• [WHAT NEEDS TO BE DONE]: After dropping the pictures, give again exactly the lines of the data from its first line through the line with "Board: 2 copper", which is included as well.

::: SOURCE INFORMATION :::

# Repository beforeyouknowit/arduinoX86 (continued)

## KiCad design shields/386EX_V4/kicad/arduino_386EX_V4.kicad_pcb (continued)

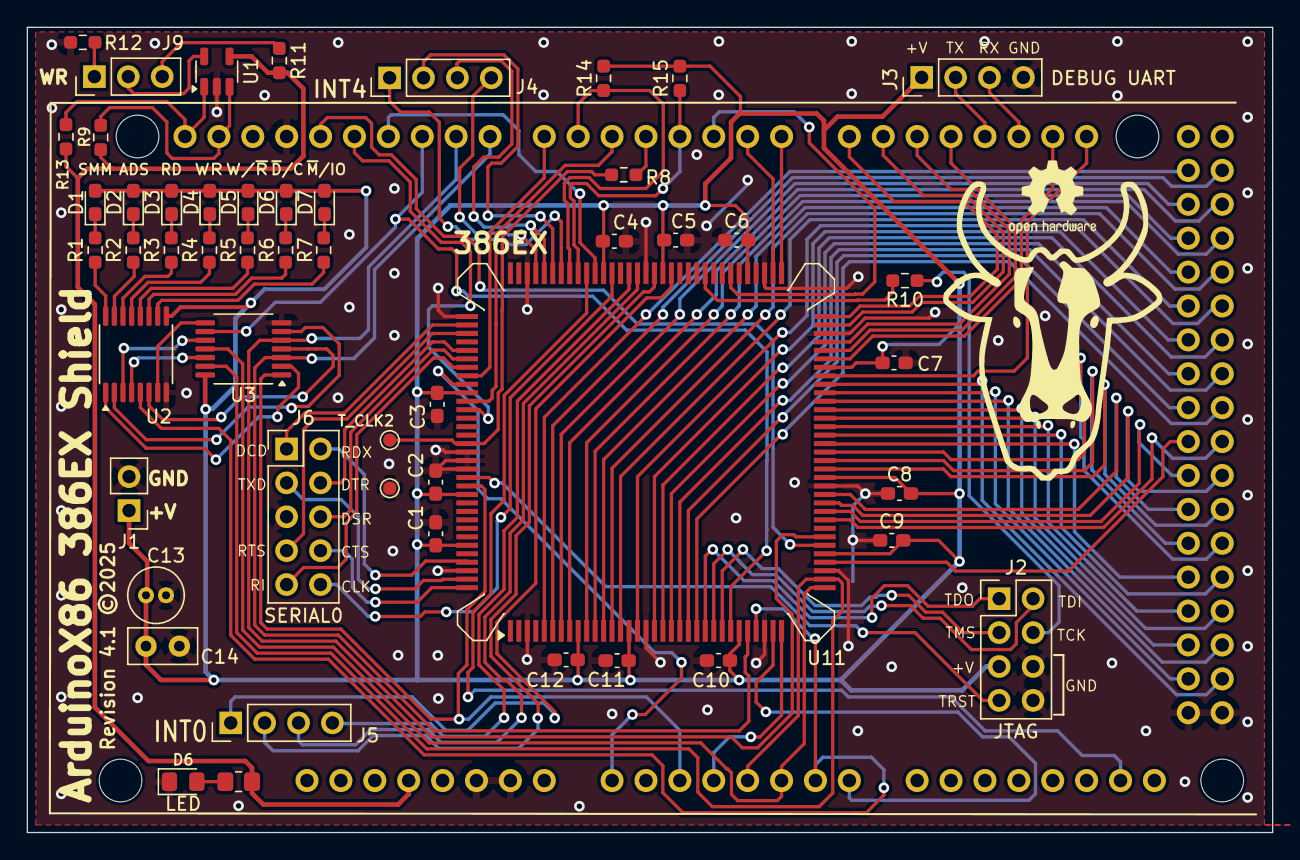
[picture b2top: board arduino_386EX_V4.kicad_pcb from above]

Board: 2 copper layers, 93.3 x 60.3 mm, 52 parts (0 on the bottom side), 115 nets.

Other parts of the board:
D6#2: LED; LED_0805_2012Metric_Pad1.15x1.40mm_HandSolder
R6#2: R_Small; R_0603_1608Metric_Pad0.98x0.95mm_HandSolder
R9, R13, R14, R15: R; R_0603_1608Metric_Pad0.98x0.95mm_HandSolder

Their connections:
GND: D6#2.1 (K); also elsewhere on the board
SCL: R13.1; also elsewhere on the board
SDA: R9.1; also elsewhere on the board
~BUSY: R14.1; also elsewhere on the board
~ERROR: R15.1; also elsewhere on the board

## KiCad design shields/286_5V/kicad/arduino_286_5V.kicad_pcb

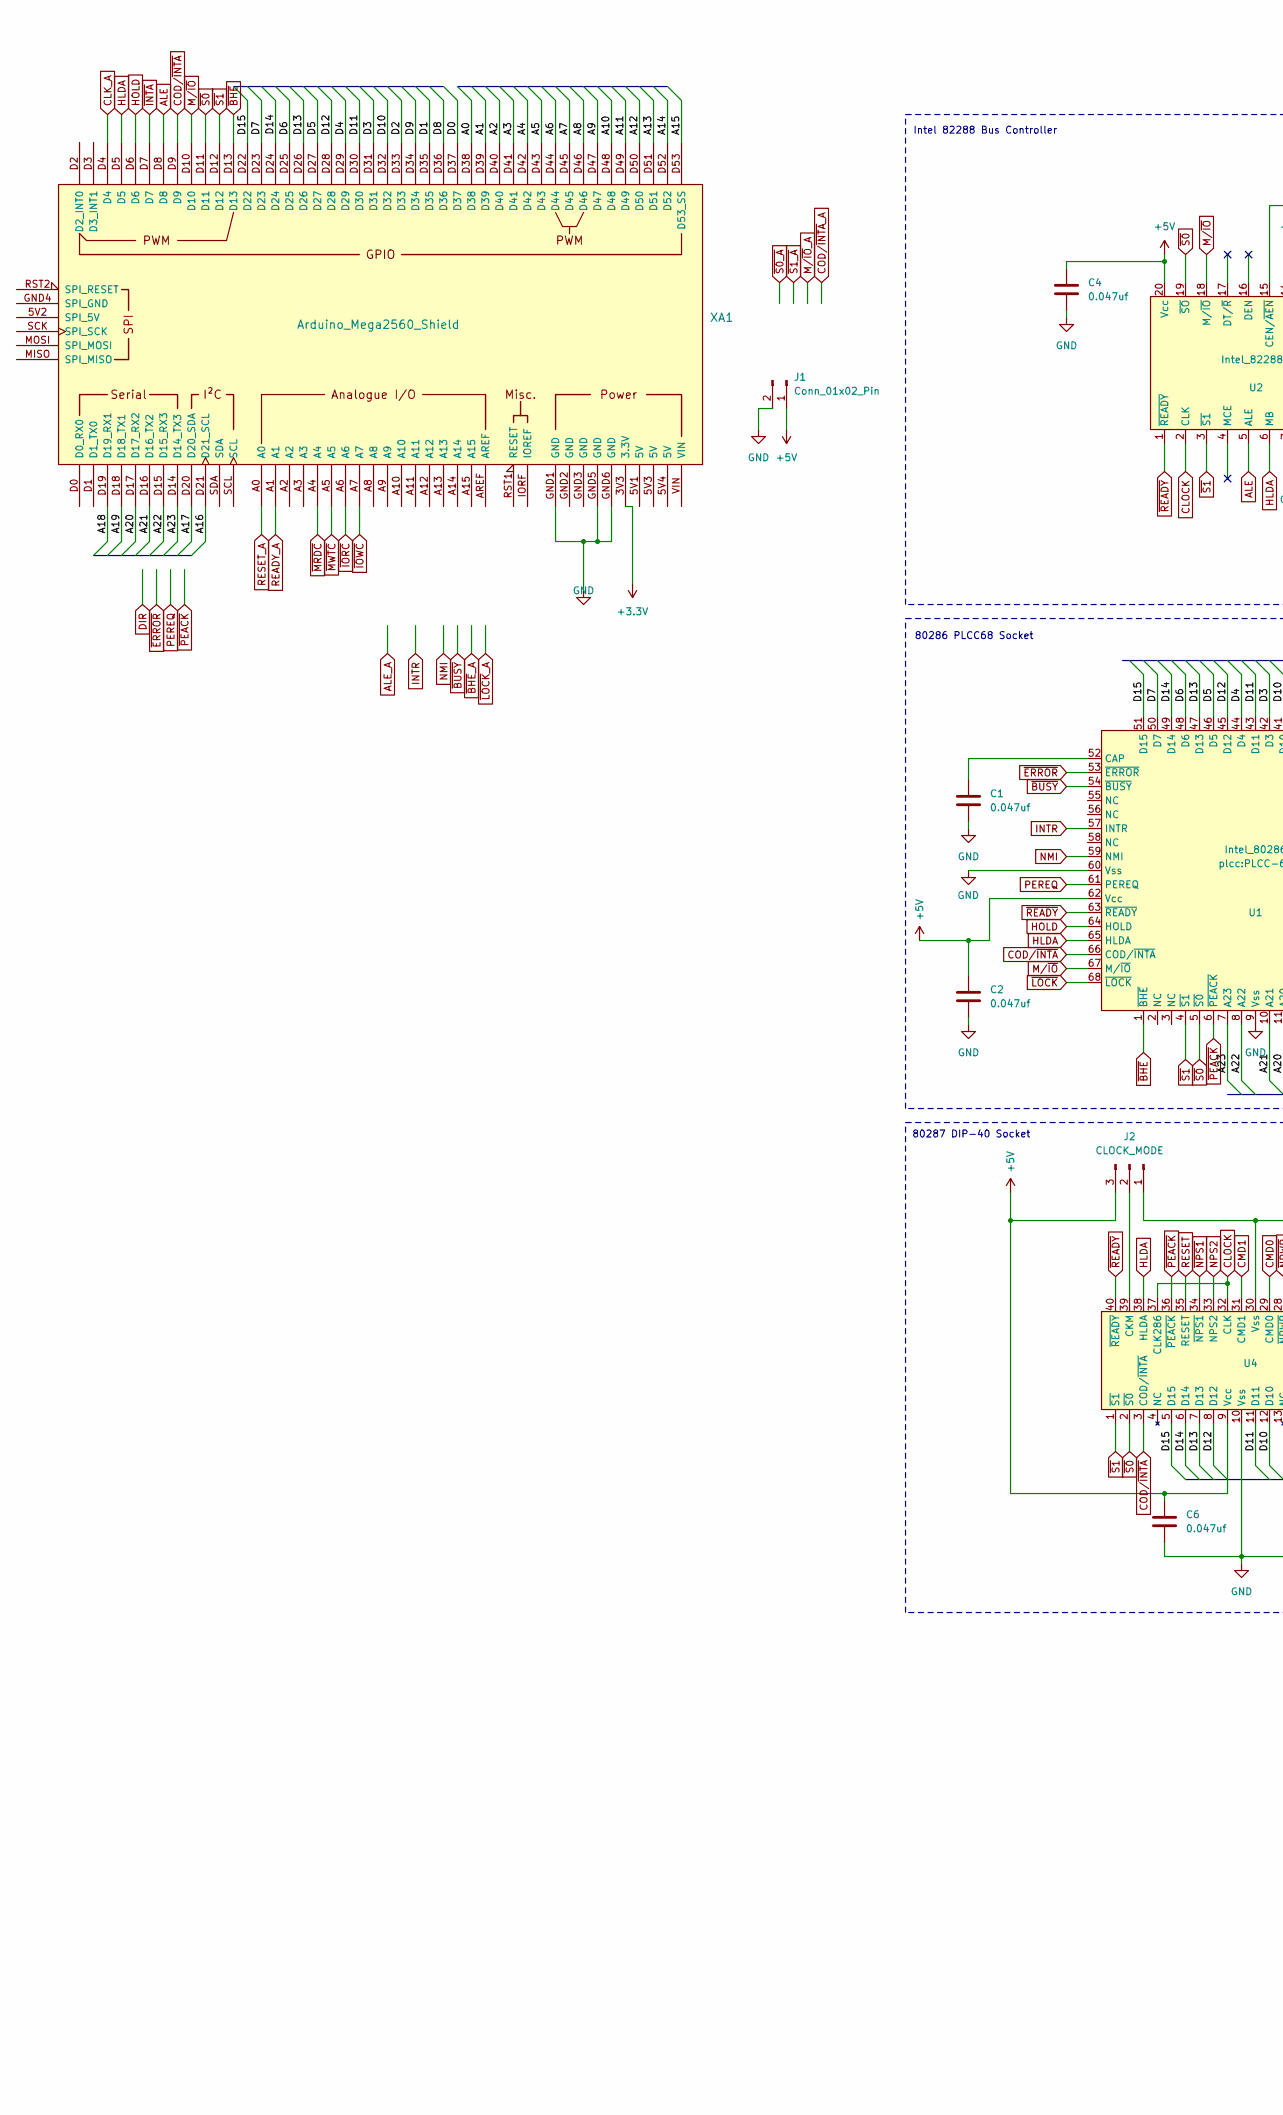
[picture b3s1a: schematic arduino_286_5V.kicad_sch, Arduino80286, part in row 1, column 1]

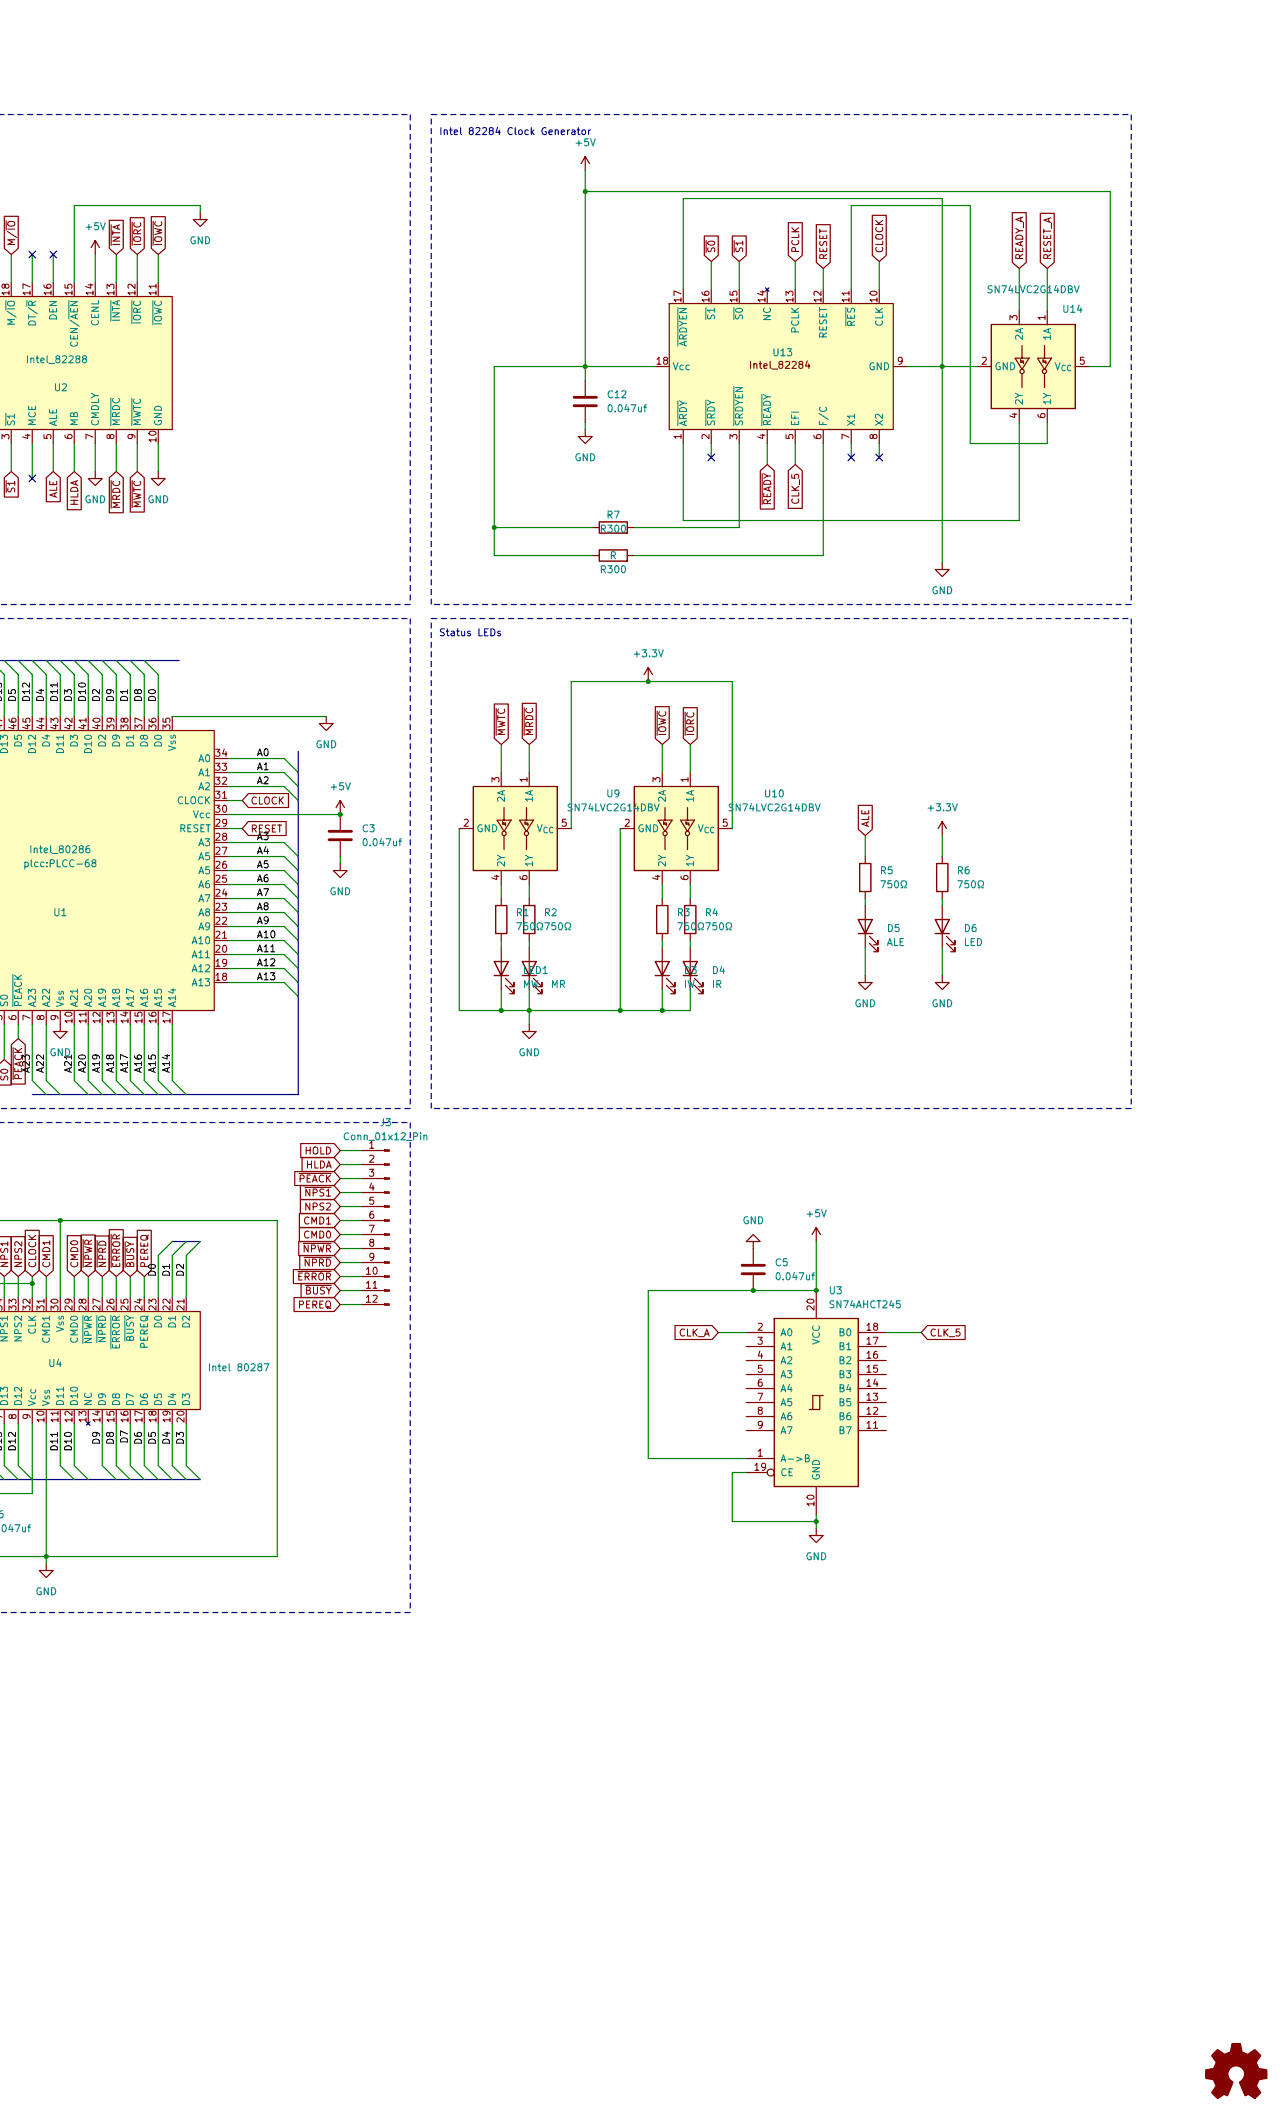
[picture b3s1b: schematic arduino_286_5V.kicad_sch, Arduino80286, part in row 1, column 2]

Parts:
C1, C2, C3, C4, C5, C6, C12: 0.047uf; C_0603_1608Metric_Pad1.08x0.95mm_HandSolder
D3: IW; LED_0805_2012Metric_Pad1.15x1.40mm_HandSolder
D4: IR; LED_0805_2012Metric_Pad1.15x1.40mm_HandSolder
D5: ALE; LED_0805_2012Metric_Pad1.15x1.40mm_HandSolder
D6: LED; LED_0805_2012Metric_Pad1.15x1.40mm_HandSolder
J1: Conn_01x02_Pin; PinHeader_1x02_P2.54mm_Horizontal
J2: CLOCK_MODE; PinHeader_1x03_P2.54mm_Vertical
J3: Conn_01x12_Pin; PinHeader_1x12_P2.54mm_Vertical
LED1: MW; LED_0805_2012Metric_Pad1.15x1.40mm_HandSolder
LED2: MR; LED_0805_2012Metric_Pad1.15x1.40mm_HandSolder
R1, R2, R3, R4, R5, R6: 750Ω; R_0805_2012Metric_Pad1.20x1.40mm_HandSolder
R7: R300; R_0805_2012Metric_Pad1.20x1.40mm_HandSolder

:::

• [RESPONSE]:
# Repository beforeyouknowit/arduinoX86 (continued)

## KiCad design shields/386EX_V4/kicad/arduino_386EX_V4.kicad_pcb (continued)

[picture b2top: board arduino_386EX_V4.kicad_pcb from above]

Board: 2 copper layers, 93.3 x 60.3 mm, 52 parts (0 on the bottom side), 115 nets.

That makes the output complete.